A review by barrosd12
Strangers in Their Own Land: Anger and Mourning on the American Right by Arlie Russell Hochschild

5.0

An exceptional treatise on the American South as it specifically relates to politics is what's on offer in Hochschild's hotly recommended book (in particular after the 2016 US elections). Hochschild couches herself in a highly approachable methodology for understanding that mercurial beast, the voter that votes against their own self-interest in favor of a "deep story". Understanding this dynamic is at the heart of understanding the wholesale rejection of so-called mainstream candidates in elections and the generational systems that have allowed entire cultures and regions to lay fallow. The analysis in the book, for the sake of both simplicity and driving home a deeper point is contained within rural Louisiana and the stories that Hochschild unearths are unimaginable to those of us that subscribe to the left-leaning belief that government should be working for the people in supporting them. What's most fascinating about this book and the reason I recommend it so highly is because of just how deeply I was forced to check my own preconceptions of the way I believe government and private sectors should work. This book is challenging, in the way that it demands understanding, or at least in Hochschild's case, empathy. I came away from it not particularly more empathetic to the supposed entreaties of a region of mostly people who believe they are not at the front of the line in favor of minorities, but rather with an understanding of how they came to think that way.

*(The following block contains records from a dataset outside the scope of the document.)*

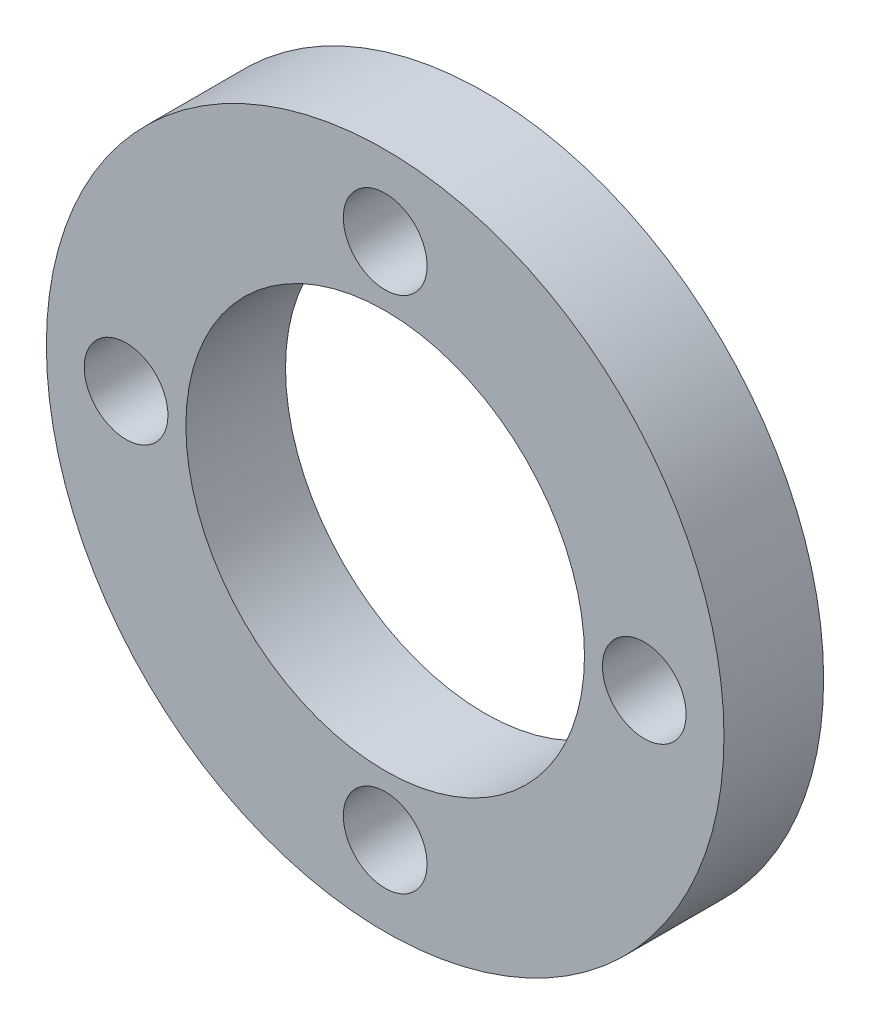
ISO-10303-21;
HEADER;
FILE_DESCRIPTION(('STEP AP214'),'2;1');
FILE_NAME('part.step','',(''),(''),'','','');
FILE_SCHEMA(('AUTOMOTIVE_DESIGN { 1 0 10303 214 1 1 1 1 }'));
ENDSEC;
DATA;
#1=APPLICATION_CONTEXT('core data for automotive mechanical design processes');
#2=APPLICATION_PROTOCOL_DEFINITION('international standard','automotive_design',2000,#1);
#3=PRODUCT_CONTEXT('',#1,'mechanical');
#4=PRODUCT('Part','Part','',(#3));
#5=PRODUCT_RELATED_PRODUCT_CATEGORY('part','',(#4));
#6=PRODUCT_DEFINITION_FORMATION('','',#4);
#7=PRODUCT_DEFINITION_CONTEXT('part definition',#1,'design');
#8=PRODUCT_DEFINITION('design','',#6,#7);
#9=PRODUCT_DEFINITION_SHAPE('','',#8);
#10=(LENGTH_UNIT() NAMED_UNIT(*) SI_UNIT(.MILLI.,.METRE.));
#11=(NAMED_UNIT(*) PLANE_ANGLE_UNIT() SI_UNIT($,.RADIAN.));
#12=(NAMED_UNIT(*) SI_UNIT($,.STERADIAN.) SOLID_ANGLE_UNIT());
#13=UNCERTAINTY_MEASURE_WITH_UNIT(LENGTH_MEASURE(1.E-05),#10,'distance_accuracy_value','');
#14=(GEOMETRIC_REPRESENTATION_CONTEXT(3) GLOBAL_UNCERTAINTY_ASSIGNED_CONTEXT((#13)) GLOBAL_UNIT_ASSIGNED_CONTEXT((#10,
#11,#12)) REPRESENTATION_CONTEXT('',''));
#15=CARTESIAN_POINT('',(0.,0.,0.));
#16=DIRECTION('',(0.,0.,1.));
#17=DIRECTION('',(1.,0.,0.));
#18=AXIS2_PLACEMENT_3D('',#15,#16,#17);
#19=CARTESIAN_POINT('',(0.,0.,5.));
#20=DIRECTION('',(0.,0.,1.));
#21=DIRECTION('',(1.,0.,0.));
#22=AXIS2_PLACEMENT_3D('',#19,#20,#21);
#23=PLANE('',#22);
#24=CARTESIAN_POINT('',(-13.,1.36167851083266E-13,5.));
#25=DIRECTION('',(0.,0.,1.));
#26=DIRECTION('',(0.,1.,0.));
#27=AXIS2_PLACEMENT_3D('',#24,#25,#26);
#28=CIRCLE('',#27,2.1);
#29=CARTESIAN_POINT('',(-13.,2.10000000000014,5.));
#30=VERTEX_POINT('',#29);
#31=EDGE_CURVE('E81',#30,#30,#28,.T.);
#32=ORIENTED_EDGE('',*,*,#31,.F.);
#33=EDGE_LOOP('',(#32));
#34=FACE_BOUND('',#33,.T.);
#35=CARTESIAN_POINT('',(0.,-13.,5.));
#36=DIRECTION('',(0.,0.,1.));
#37=DIRECTION('',(-1.,0.,0.));
#38=AXIS2_PLACEMENT_3D('',#35,#36,#37);
#39=CIRCLE('',#38,2.1);
#40=CARTESIAN_POINT('',(-2.10000000000009,-13.,5.));
#41=VERTEX_POINT('',#40);
#42=EDGE_CURVE('E75',#41,#41,#39,.T.);
#43=ORIENTED_EDGE('',*,*,#42,.F.);
#44=EDGE_LOOP('',(#43));
#45=FACE_BOUND('',#44,.T.);
#46=CARTESIAN_POINT('',(13.,0.,5.));
#47=DIRECTION('',(0.,0.,1.));
#48=DIRECTION('',(0.,-1.,0.));
#49=AXIS2_PLACEMENT_3D('',#46,#47,#48);
#50=CIRCLE('',#49,2.1);
#51=CARTESIAN_POINT('',(13.,-2.10000000000005,5.));
#52=VERTEX_POINT('',#51);
#53=EDGE_CURVE('E69',#52,#52,#50,.T.);
#54=ORIENTED_EDGE('',*,*,#53,.F.);
#55=EDGE_LOOP('',(#54));
#56=FACE_BOUND('',#55,.T.);
#57=CARTESIAN_POINT('',(0.,13.,5.));
#58=DIRECTION('',(0.,0.,1.));
#59=DIRECTION('',(1.,0.,0.));
#60=AXIS2_PLACEMENT_3D('',#57,#58,#59);
#61=CIRCLE('',#60,2.1);
#62=CARTESIAN_POINT('',(2.1,13.,5.));
#63=VERTEX_POINT('',#62);
#64=EDGE_CURVE('E63',#63,#63,#61,.T.);
#65=ORIENTED_EDGE('',*,*,#64,.F.);
#66=EDGE_LOOP('',(#65));
#67=FACE_BOUND('',#66,.T.);
#68=CARTESIAN_POINT('',(0.,0.,5.));
#69=DIRECTION('',(0.,0.,1.));
#70=DIRECTION('',(1.,0.,0.));
#71=AXIS2_PLACEMENT_3D('',#68,#69,#70);
#72=CIRCLE('',#71,17.);
#73=CARTESIAN_POINT('',(17.,0.,5.));
#74=VERTEX_POINT('',#73);
#75=EDGE_CURVE('E10',#74,#74,#72,.T.);
#76=ORIENTED_EDGE('',*,*,#75,.T.);
#77=EDGE_LOOP('',(#76));
#78=FACE_BOUND('',#77,.T.);
#79=CARTESIAN_POINT('',(0.,0.,5.));
#80=DIRECTION('',(0.,0.,1.));
#81=DIRECTION('',(1.,0.,0.));
#82=AXIS2_PLACEMENT_3D('',#79,#80,#81);
#83=CIRCLE('',#82,10.);
#84=CARTESIAN_POINT('',(10.,0.,5.));
#85=VERTEX_POINT('',#84);
#86=EDGE_CURVE('E49',#85,#85,#83,.T.);
#87=ORIENTED_EDGE('',*,*,#86,.F.);
#88=EDGE_LOOP('',(#87));
#89=FACE_BOUND('',#88,.T.);
#90=ADVANCED_FACE('F34',(#34,#45,#56,#67,#78,#89),#23,.T.);
#91=CARTESIAN_POINT('',(0.,0.,0.));
#92=DIRECTION('',(0.,0.,1.));
#93=DIRECTION('',(1.,0.,0.));
#94=AXIS2_PLACEMENT_3D('',#91,#92,#93);
#95=PLANE('',#94);
#96=CARTESIAN_POINT('',(-13.,1.36167851083266E-13,0.));
#97=DIRECTION('',(0.,0.,1.));
#98=DIRECTION('',(0.,1.,0.));
#99=AXIS2_PLACEMENT_3D('',#96,#97,#98);
#100=CIRCLE('',#99,2.1);
#101=CARTESIAN_POINT('',(-13.,2.10000000000014,0.));
#102=VERTEX_POINT('',#101);
#103=EDGE_CURVE('E78',#102,#102,#100,.T.);
#104=ORIENTED_EDGE('',*,*,#103,.T.);
#105=EDGE_LOOP('',(#104));
#106=FACE_BOUND('',#105,.T.);
#107=CARTESIAN_POINT('',(0.,-13.,0.));
#108=DIRECTION('',(0.,0.,1.));
#109=DIRECTION('',(-1.,0.,0.));
#110=AXIS2_PLACEMENT_3D('',#107,#108,#109);
#111=CIRCLE('',#110,2.1);
#112=CARTESIAN_POINT('',(-2.10000000000009,-13.,0.));
#113=VERTEX_POINT('',#112);
#114=EDGE_CURVE('E72',#113,#113,#111,.T.);
#115=ORIENTED_EDGE('',*,*,#114,.T.);
#116=EDGE_LOOP('',(#115));
#117=FACE_BOUND('',#116,.T.);
#118=CARTESIAN_POINT('',(13.,0.,0.));
#119=DIRECTION('',(0.,0.,1.));
#120=DIRECTION('',(0.,-1.,0.));
#121=AXIS2_PLACEMENT_3D('',#118,#119,#120);
#122=CIRCLE('',#121,2.1);
#123=CARTESIAN_POINT('',(13.,-2.10000000000005,0.));
#124=VERTEX_POINT('',#123);
#125=EDGE_CURVE('E66',#124,#124,#122,.T.);
#126=ORIENTED_EDGE('',*,*,#125,.T.);
#127=EDGE_LOOP('',(#126));
#128=FACE_BOUND('',#127,.T.);
#129=CARTESIAN_POINT('',(0.,13.,0.));
#130=DIRECTION('',(0.,0.,1.));
#131=DIRECTION('',(1.,0.,0.));
#132=AXIS2_PLACEMENT_3D('',#129,#130,#131);
#133=CIRCLE('',#132,2.1);
#134=CARTESIAN_POINT('',(2.1,13.,0.));
#135=VERTEX_POINT('',#134);
#136=EDGE_CURVE('E60',#135,#135,#133,.T.);
#137=ORIENTED_EDGE('',*,*,#136,.T.);
#138=EDGE_LOOP('',(#137));
#139=FACE_BOUND('',#138,.T.);
#140=CARTESIAN_POINT('',(0.,0.,0.));
#141=DIRECTION('',(0.,0.,1.));
#142=DIRECTION('',(1.,0.,0.));
#143=AXIS2_PLACEMENT_3D('',#140,#141,#142);
#144=CIRCLE('',#143,17.);
#145=CARTESIAN_POINT('',(17.,0.,0.));
#146=VERTEX_POINT('',#145);
#147=EDGE_CURVE('E42',#146,#146,#144,.T.);
#148=ORIENTED_EDGE('',*,*,#147,.F.);
#149=EDGE_LOOP('',(#148));
#150=FACE_BOUND('',#149,.T.);
#151=CARTESIAN_POINT('',(0.,0.,0.));
#152=DIRECTION('',(0.,0.,1.));
#153=DIRECTION('',(1.,0.,0.));
#154=AXIS2_PLACEMENT_3D('',#151,#152,#153);
#155=CIRCLE('',#154,10.);
#156=CARTESIAN_POINT('',(10.,0.,0.));
#157=VERTEX_POINT('',#156);
#158=EDGE_CURVE('E55',#157,#157,#155,.T.);
#159=ORIENTED_EDGE('',*,*,#158,.T.);
#160=EDGE_LOOP('',(#159));
#161=FACE_BOUND('',#160,.T.);
#162=ADVANCED_FACE('F89',(#106,#117,#128,#139,#150,#161),#95,.F.);
#163=CARTESIAN_POINT('',(0.,0.,5.));
#164=DIRECTION('',(0.,0.,-1.));
#165=DIRECTION('',(-1.,0.,0.));
#166=AXIS2_PLACEMENT_3D('',#163,#164,#165);
#167=CYLINDRICAL_SURFACE('',#166,17.);
#168=ORIENTED_EDGE('',*,*,#75,.F.);
#169=EDGE_LOOP('',(#168));
#170=FACE_BOUND('',#169,.T.);
#171=ORIENTED_EDGE('',*,*,#147,.T.);
#172=EDGE_LOOP('',(#171));
#173=FACE_BOUND('',#172,.T.);
#174=ADVANCED_FACE('F36',(#170,#173),#167,.T.);
#175=CARTESIAN_POINT('',(0.,0.,5.));
#176=DIRECTION('',(0.,0.,-1.));
#177=DIRECTION('',(-1.,0.,0.));
#178=AXIS2_PLACEMENT_3D('',#175,#176,#177);
#179=CYLINDRICAL_SURFACE('',#178,10.);
#180=ORIENTED_EDGE('',*,*,#86,.T.);
#181=EDGE_LOOP('',(#180));
#182=FACE_BOUND('',#181,.T.);
#183=ORIENTED_EDGE('',*,*,#158,.F.);
#184=EDGE_LOOP('',(#183));
#185=FACE_BOUND('',#184,.T.);
#186=ADVANCED_FACE('F98',(#182,#185),#179,.F.);
#187=CARTESIAN_POINT('',(0.,13.,0.));
#188=DIRECTION('',(0.,0.,1.));
#189=DIRECTION('',(1.,0.,0.));
#190=AXIS2_PLACEMENT_3D('',#187,#188,#189);
#191=CYLINDRICAL_SURFACE('',#190,2.1);
#192=ORIENTED_EDGE('',*,*,#136,.F.);
#193=EDGE_LOOP('',(#192));
#194=FACE_BOUND('',#193,.T.);
#195=ORIENTED_EDGE('',*,*,#64,.T.);
#196=EDGE_LOOP('',(#195));
#197=FACE_BOUND('',#196,.T.);
#198=ADVANCED_FACE('F101',(#194,#197),#191,.F.);
#199=CARTESIAN_POINT('',(13.,0.,0.));
#200=DIRECTION('',(0.,0.,1.));
#201=DIRECTION('',(1.,0.,0.));
#202=AXIS2_PLACEMENT_3D('',#199,#200,#201);
#203=CYLINDRICAL_SURFACE('',#202,2.1);
#204=ORIENTED_EDGE('',*,*,#125,.F.);
#205=EDGE_LOOP('',(#204));
#206=FACE_BOUND('',#205,.T.);
#207=ORIENTED_EDGE('',*,*,#53,.T.);
#208=EDGE_LOOP('',(#207));
#209=FACE_BOUND('',#208,.T.);
#210=ADVANCED_FACE('F115',(#206,#209),#203,.F.);
#211=CARTESIAN_POINT('',(0.,-13.,0.));
#212=DIRECTION('',(0.,0.,1.));
#213=DIRECTION('',(1.,0.,0.));
#214=AXIS2_PLACEMENT_3D('',#211,#212,#213);
#215=CYLINDRICAL_SURFACE('',#214,2.1);
#216=ORIENTED_EDGE('',*,*,#114,.F.);
#217=EDGE_LOOP('',(#216));
#218=FACE_BOUND('',#217,.T.);
#219=ORIENTED_EDGE('',*,*,#42,.T.);
#220=EDGE_LOOP('',(#219));
#221=FACE_BOUND('',#220,.T.);
#222=ADVANCED_FACE('F119',(#218,#221),#215,.F.);
#223=CARTESIAN_POINT('',(-13.,1.36167851083266E-13,0.));
#224=DIRECTION('',(0.,0.,1.));
#225=DIRECTION('',(1.,0.,0.));
#226=AXIS2_PLACEMENT_3D('',#223,#224,#225);
#227=CYLINDRICAL_SURFACE('',#226,2.1);
#228=ORIENTED_EDGE('',*,*,#103,.F.);
#229=EDGE_LOOP('',(#228));
#230=FACE_BOUND('',#229,.T.);
#231=ORIENTED_EDGE('',*,*,#31,.T.);
#232=EDGE_LOOP('',(#231));
#233=FACE_BOUND('',#232,.T.);
#234=ADVANCED_FACE('F85',(#230,#233),#227,.F.);
#235=CLOSED_SHELL('',(#90,#162,#174,#186,#198,#210,#222,#234));
#236=MANIFOLD_SOLID_BREP('B2',#235);
#237=ADVANCED_BREP_SHAPE_REPRESENTATION('',(#18,#236),#14);
#238=SHAPE_DEFINITION_REPRESENTATION(#9,#237);
ENDSEC;
END-ISO-10303-21;

Perhaps the saddest event in the entire book revolves around a sinkhole in a remote parish in Louisiana - it brings together the absolute worst in private sector abuses with government non-intervention, leaving dozens of people to fend for themselves and even abandon their homes. But do they blame the companies? The state government? The party that continually reduces regulation? No. And in that way, you begin to see hyper-partisanship for the monster it truly is - some all-consuming nouveau religion whose only deity is money, power, and advancement.